IF ONLY MEGHAN THE MOOCHER’S EARLIER UK ‘HUSTLE’ TRIPS HAD BEEN SUCCESSFUL

WE WOULD ALL HAVE BEEN SPARED HER B-MOVIE ‘INDEPENDENCE DAY’ DRAMA, THE DISASTROUS EN-LUSTMENT OF PRINCE HARRY, AND THE RESULTING POTENTIAL GLOBAL SLOW-MOTION ‘CAR CRASH’ DERISIVE DESTRUCTION OF THE MONARCHY…

 

Meghan Markle’s UK ‘Hustle’ Trips To Land Made In Chelsea Gig And Reality TV Boyfriend
https://www.mirror.co.uk/3am/celebrity-news/meghan-markles-uk-hustle-trips-16201315

“She told me she wanted to be on an English reality TV show and that she wanted an English boyfriend,” Lizzie said.

 

“She set her sights on Made In Chelsea and worked hard to get in with that crowd.
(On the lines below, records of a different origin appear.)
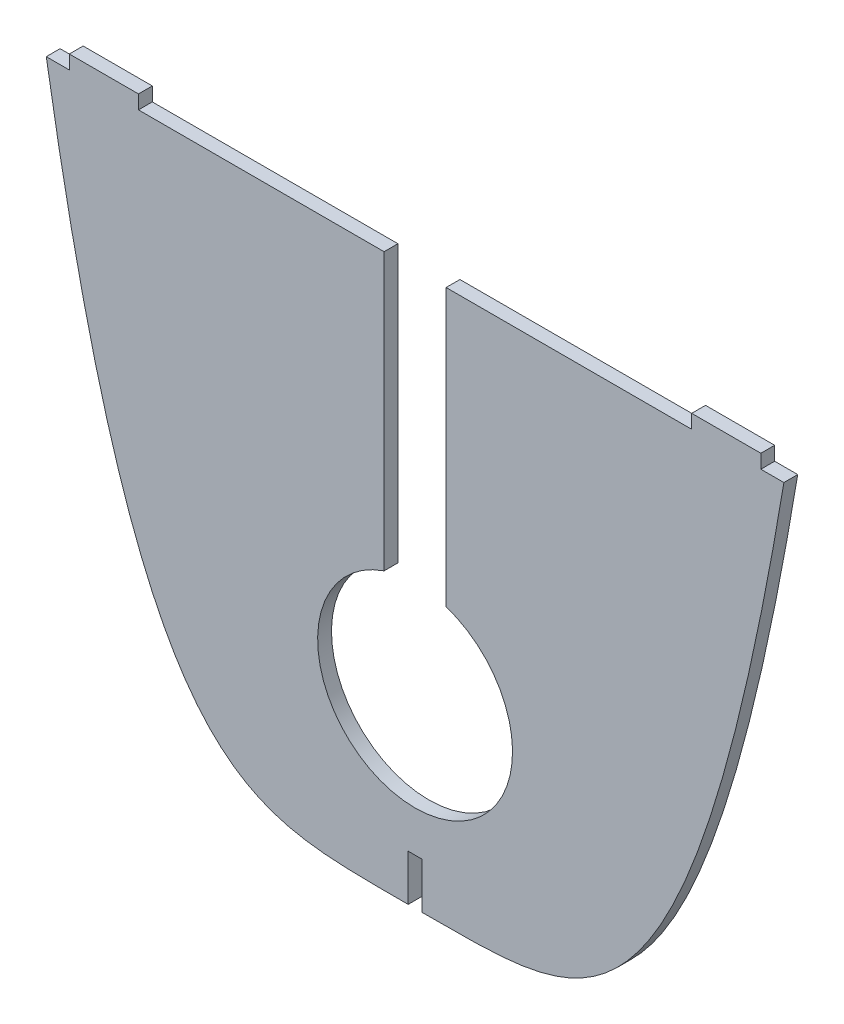
SolidWorks part; units mm, degrees
ref_plane "前视基准面" through (0, 0, 0) normal (0, 0, 1) x (1, 0, 0)
ref_plane "上视基准面" through (0, 0, 0) normal (0, 1, 0) x (1, 0, 0)
ref_plane "右视基准面" through (0, 0, 0) normal (1, 0, 0) x (0, 0, -1)
other "Configuration Table"
sketch "草图1" plane through (0, 0, 0) normal (0, 0, 1) x (1, 0, 0)
  line L2 (-80, 120) -> (-75, 120)
  line L5 (-75, 123) -> (-75, 120)
  line L6 (-60, 123) -> (-60, 120)
  line L7 (-55, 120) -> (-60, 120)
  line L8 (0, 0) -> (0, 135) construction
  line L9 (55, 120) -> (60, 120)
  line L10 (60, 120) -> (60, 123)
  line L11 (60, 123) -> (75, 123)
  line L12 (75, 123) -> (75, 120)
  line L13 (75, 120) -> (80, 120)
  line L14 (-75, 123) -> (-60, 123)
  arc A0 (-14.6979, 54.999) -> (14.6979, 54.999) centre (0, 40) ccw
  spline S0 degree 4 poles (-84.8994, 152.209) (-42.4497, -152.209) (0, 152.209) (42.4497, -152.209) (84.8994, 152.209) knots 0 0 0 0 0 1 1 1 1 1 construction
  spline S1 degree 4 poles (-80, 120) (-40, -120) (0, 120) (40, -120) (80, 120) knots 0.028854 0.028854 0.028854 0.028854 0.028854 0.971146 0.971146 0.971146 0.971146 0.971146
  spline S2 degree 2 poles (-55, 120) (-34.849, 68.7065) (-14.6979, 54.999) knots 0 0 0 0.366382 0.366382 0.366382
  spline S3 degree 2 poles (14.6979, 54.999) (34.849, 68.7065) (55, 120) knots 0.633618 0.633618 0.633618 1 1 1
extrude "凸台-拉伸1" add sketch "草图1" along normal blind 3 contours A0 S3 L9 L10 L11 L12 L13 S1 L2 L5 L14 L6 L7 S2
sketch "草图2" plane through (0, 0, 0) normal (0, 0, 1) x (1, 0, 0)
  line L0 (-55, 120) -> (55, 120)
  line L1 (-14.6979, 54.999) -> (14.6979, 54.999)
  parabola Q32 (-55, 120) -> (-14.6979, 54.999) focus (0, 60.8036) apex (0, 50) construction
  parabola Q33 (14.6979, 54.999) -> (55, 120) focus (0, 60.8036) apex (0, 50) construction
  parabola Q34 (-55, 120) -> (-14.6979, 54.999) focus (0, 60.8036) apex (0, 50)
  parabola Q35 (14.6979, 54.999) -> (55, 120) focus (0, 60.8036) apex (0, 50)
extrude "凸台-拉伸2" add sketch "草图2" along normal blind 3
sketch "草图3" plane through (0, 0, 0) normal (0, 0, 1) x (1, 0, 0)
  line L0 (-6.7251, 120) -> (6.7251, 120)
  line L1 (-60, 120) -> (60, 120) construction
  line L2 (-6.7251, 120) -> (-6.7251, 54.999)
  line L3 (-14.6979, 54.999) -> (14.6979, 54.999) construction
  line L4 (6.7251, 120) -> (6.7251, 54.999)
  line L5 (6.7251, 54.999) -> (-6.7251, 54.999)
  point P5 (0, 120)
extrude "切除-拉伸1" cut sketch "草图3" along normal blind 3
sketch "草图4" plane through (0, 0, 0) normal (0, 0, 1) x (1, 0, 0)
  circle A1 centre (0, 40) radius 21.1361
extrude "切除-拉伸2" cut sketch "草图4" along normal blind 3
sketch "草图5" plane through (0, 0, 3) normal (0, 0, 1) x (1, 0, 0)
  line L13 (-1.5, 10) -> (1.5, 10)
  line L14 (-1.5, 10) -> (-1.5, -5.9759)
  line L15 (-1.5, -5.9759) -> (1.5, -5.9759)
  line L16 (1.5, 10) -> (1.5, -5.9759)
  dimension "D1" = 1.5
  dimension "D2" = 3
  dimension "D3" = 10
extrude "切除-拉伸4" cut sketch "草图5" against normal blind 10

She said that she could only be in Suits for so long and that Hollywood was a really brutal place. She had not made a breakthrough, and said she would feel at home in London.”

I remember this one, she knew she was washed up in Hollywood. Enty said she set her sites on a rich European husband.

“We were having a chat and then she said: ‘Do you know any famous guys? I’m single and I really love English men.’ So I said: ‘We’ll go out and find you someone.'”

Corey Vitello, MM live-in boyfriend didn’t know she was doing this.

She’d become good friends with MIC’s Millie Mackintosh and her co-star Jessica Woodley.

Allegedly, MM slept with Millie’s boyfriend for an introduction to Harry.

Lizzie – who met her on that trip – said: “She was hoping to get a role on the show. She had also got to know TV presenter Natalie Pinkham and Bidders — Adam Bidwell — who was a friend of Harry’s from that trip to Vegas.”

Busy bee getting around all of Harry’s friends, moving in for the kill. 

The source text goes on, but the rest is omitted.